*PROBLEM TO WORK ON*. At the line containing "F2 : Outport", start repeating the entries exactly, and continue through the last line.

*PROVIDED RECORDS*.

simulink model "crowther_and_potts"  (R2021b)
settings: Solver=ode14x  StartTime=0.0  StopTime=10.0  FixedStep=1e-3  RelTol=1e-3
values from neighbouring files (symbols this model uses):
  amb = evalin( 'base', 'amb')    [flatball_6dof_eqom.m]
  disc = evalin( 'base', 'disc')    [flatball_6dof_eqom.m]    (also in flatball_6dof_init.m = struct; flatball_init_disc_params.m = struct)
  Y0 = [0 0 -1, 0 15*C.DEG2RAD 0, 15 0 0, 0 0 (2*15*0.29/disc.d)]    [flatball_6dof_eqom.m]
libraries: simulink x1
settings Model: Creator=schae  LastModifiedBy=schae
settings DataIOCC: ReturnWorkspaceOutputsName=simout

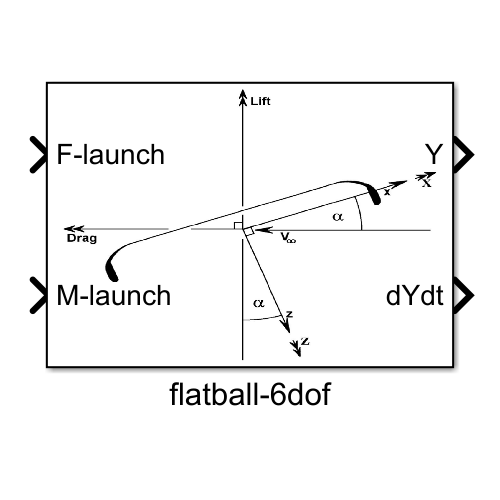
[thumbnail: Simulink's stored preview of the top-level diagram]
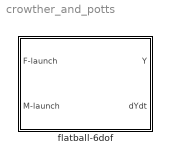
== system crowther_and_potts ==
  flatball-6dof : Subsystem
      mask Display: image('C:\.local\desktop\misc.protolabs\flatball-aero-ssl\arxiv\img\screenshots\flatball-6dof.png'); % Use "Edit Image" on toolstrip to change.

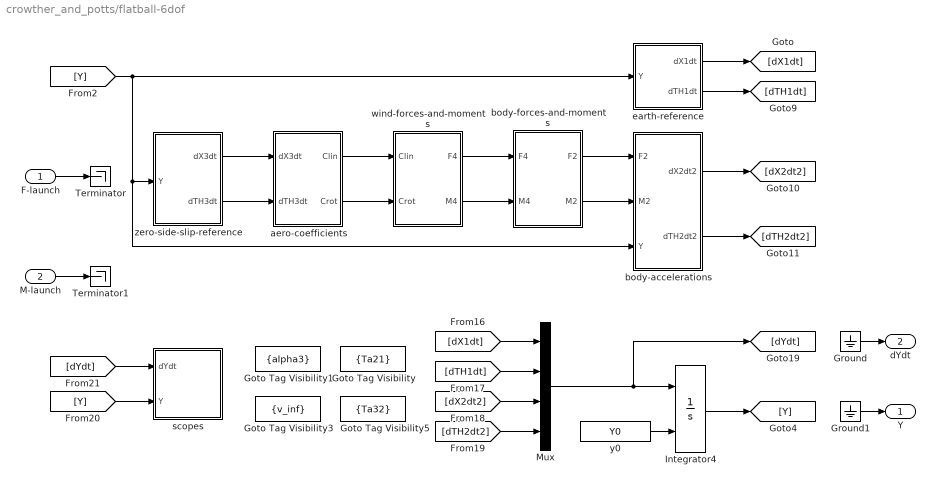
== system crowther_and_potts/flatball-6dof ==
  F-launch : Inport
  M-launch : Inport  Port=2
  Goto Tag Visibility : GotoTagVisibility  GotoTag=Ta21
  Goto Tag Visibility1 : GotoTagVisibility  GotoTag=alpha3
  Goto Tag Visibility3 : GotoTagVisibility  GotoTag=v_inf
  Goto Tag Visibility5 : GotoTagVisibility  GotoTag=Ta32
  Ground : Ground
  Ground1 : Ground
  Integrator4 : Integrator  InitialConditionSource=external
  Mux : Mux
  Terminator : Terminator
  Terminator1 : Terminator
  aero-coefficients : Subsystem
  body-accelerations : Subsystem
  body-forces-and-moments : Subsystem
  earth-reference : Subsystem
  scopes : Subsystem
  wind-forces-and-moments : Subsystem
  y0 : Constant  Value=Y0
  zero-side-slip-reference : Subsystem
  Y : Outport
  dYdt : Outport  Port=2
  wires:
  Ground1/1 -> Y/1
  M-launch/1 -> Terminator1/1
  Ground/1 -> dYdt/1
  wind-forces-and-moments/2(M4) -> body-forces-and-moments/2(M4)
  body-forces-and-moments/2(M2) -> body-accelerations/2(M2)
  wind-forces-and-moments/1(F4) -> body-forces-and-moments/1(F4)
  Mux/1 -> Integrator4/1, [dYdt]
  [dX1dt] -> Mux/1
  aero-coefficients/1(Clin) -> wind-forces-and-moments/1(Clin)
  body-accelerations/1(dX2dt2) -> [dX2dt2]
  [dX2dt2] -> Mux/3
  aero-coefficients/2(Crot) -> wind-forces-and-moments/2(Crot)
  [dTH1dt] -> Mux/2
  [Y] -> scopes/2(Y)
  body-forces-and-moments/1(F2) -> body-accelerations/1(F2)
  zero-side-slip-reference/2(dTH3dt) -> aero-coefficients/2(dTH3dt)
  earth-reference/1(dX1dt) -> [dX1dt]
  earth-reference/2(dTH1dt) -> [dTH1dt]
  body-accelerations/2(dTH2dt2) -> [dTH2dt2]
  [dTH2dt2] -> Mux/4
  F-launch/1 -> Terminator/1
  Integrator4/1 -> [Y]
  [dYdt] -> scopes/1(dYdt)
  zero-side-slip-reference/1(dX3dt) -> aero-coefficients/1(dX3dt)
  [Y] -> earth-reference/1(Y), body-accelerations/3(Y), zero-side-slip-reference/1(Y)
  y0/1 -> Integrator4/2

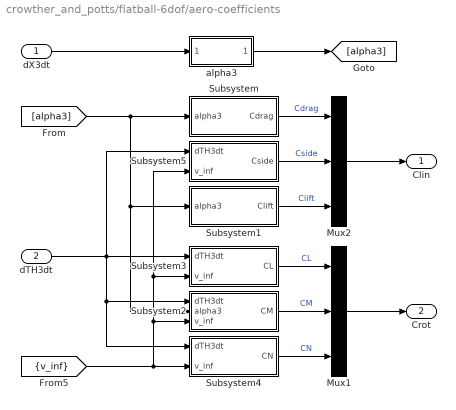
== system crowther_and_potts/flatball-6dof/aero-coefficients ==
  dX3dt : Inport
  dTH3dt : Inport  Port=2
  Mux1 : Mux  Inputs=3
  Mux2 : Mux  Inputs=3
  Subsystem : Subsystem
  Subsystem1 : Subsystem
  Subsystem2 : Subsystem
  Subsystem3 : Subsystem
  Subsystem4 : Subsystem
  Subsystem5 : Subsystem
  alpha3 : Subsystem
  Clin : Outport
  Crot : Outport  Port=2
  wires:
  dX3dt/1 -> alpha3/1(dX3dt)
  Mux2/1 -> Clin/1
  dTH3dt/1 -> Subsystem3/1(dTH3dt), Subsystem2/1(dTH3dt), Subsystem4/1(dTH3dt), Subsystem5/1(dTH3dt)
  Mux1/1 -> Crot/1
  alpha3/1(alpha3) -> [alpha3]
  [alpha3] -> Subsystem/1(alpha3), Subsystem2/2(alpha3), Subsystem1/1(alpha3)
  Subsystem5/1(Cside) -> Mux2/2  "Cside"
  Subsystem/1(Cdrag) -> Mux2/1  "Cdrag"
  Subsystem1/1(Clift) -> Mux2/3  "Clift"
  Subsystem2/1(CM) -> Mux1/2  "CM"
  [v_inf] -> Subsystem5/2(v_inf), Subsystem3/2(v_inf), Subsystem2/3(v_inf), Subsystem4/2(v_inf)
  Subsystem3/1(CL) -> Mux1/1  "CL"
  Subsystem4/1(CN) -> Mux1/3  "CN"

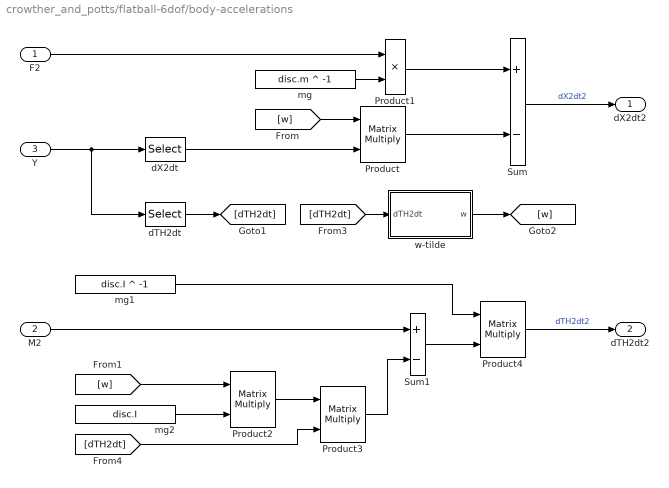
== system crowther_and_potts/flatball-6dof/body-accelerations ==
  F2 : Inport
  M2 : Inport  Port=2
  Y : Inport  Port=3
  Product{,2..4} (4 alike) : Product  Multiplication=Matrix(*)
  Product1 : Product  Inputs=**
  Sum : Sum  Inputs=+-
  Sum1 : Sum  Inputs=+-
  dTH2dt : Selector  InputPortWidth=12  IndexOptions=Index vector (dialog)  Indices=[10 11 12]  OutputSizes=1
  dX2dt : Selector  InputPortWidth=12  IndexOptions=Index vector (dialog)  Indices=[7 8 9]  OutputSizes=1
  mg : Constant  Value=disc.m ^ -1
  mg1 : Constant  Value=disc.I ^ -1
  mg2 : Constant  Value=disc.I
  w-tilde : MATLAB Function  TreatAsAtomicUnit=on
  dX2dt2 : Outport
  dTH2dt2 : Outport  Port=2
  wires:
  Y/1 -> dTH2dt/1, dX2dt/1
  Sum/1 -> dX2dt2/1  "dX2dt2"
  M2/1 -> Sum1/1
  Product4/1 -> dTH2dt2/1  "dTH2dt2"
  dX2dt/1 -> Product/2
  F2/1 -> Product1/1
  mg/1 -> Product1/2
  Product1/1 -> Sum/1
  Product/1 -> Sum/2
  w-tilde/1(w) -> [w]
  [w] -> Product/1
  mg2/1 -> Product2/2
  Product2/1 -> Product3/1
  dTH2dt/1 -> [dTH2dt]
  [dTH2dt] -> w-tilde/1(dTH2dt)
  [dTH2dt] -> Product3/2
  mg1/1 -> Product4/1
  [w] -> Product2/1
  Product3/1 -> Sum1/2
  Sum1/1 -> Product4/2

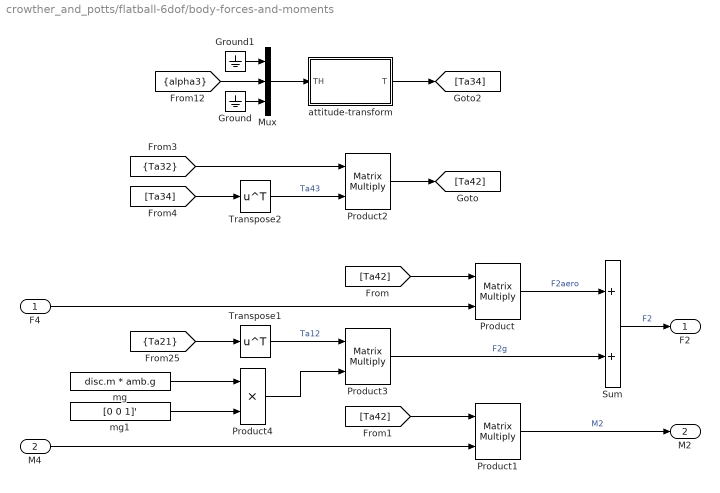
== system crowther_and_potts/flatball-6dof/body-forces-and-moments ==
  F4 : Inport
  M4 : Inport  Port=2
  Ground : Ground
  Ground1 : Ground
  Mux : Mux  Inputs=3
  Product{,1..3} (4 alike) : Product  Multiplication=Matrix(*)
  Product4 : Product
  Sum : Sum  Inputs=2
  Transpose1 : Math  Operator=transpose  SaturateOnIntegerOverflow=on
  Transpose2 : Math  Operator=transpose  SaturateOnIntegerOverflow=on
  attitude-transform : MATLAB Function  TreatAsAtomicUnit=on
  mg : Constant  Value=disc.m * amb.g
  mg1 : Constant  Value=[0 0 1]'
  F2 : Outport
  M2 : Outport  Port=2
  wires:
  [alpha3] -> Mux/2
  F4/1 -> Product/2
  Product/1 -> Sum/1  "F2aero"
  [Ta21] -> Transpose1/1
  Product1/1 -> M2/1  "M2"
  Ground1/1 -> Mux/1
  Mux/1 -> attitude-transform/1(TH)
  Ground/1 -> Mux/3
  attitude-transform/1(T) -> [Ta34]
  [Ta32] -> Product2/1
  [Ta34] -> Transpose2/1
  Product2/1 -> [Ta42]
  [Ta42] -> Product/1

*EXERCISE SOLUTION*.
  F2 : Outport
  M2 : Outport  Port=2
  wires:
  [alpha3] -> Mux/2
  F4/1 -> Product/2
  Product/1 -> Sum/1  "F2aero"
  [Ta21] -> Transpose1/1
  Product1/1 -> M2/1  "M2"
  Ground1/1 -> Mux/1
  Mux/1 -> attitude-transform/1(TH)
  Ground/1 -> Mux/3
  attitude-transform/1(T) -> [Ta34]
  [Ta32] -> Product2/1
  [Ta34] -> Transpose2/1
  Product2/1 -> [Ta42]
  [Ta42] -> Product/1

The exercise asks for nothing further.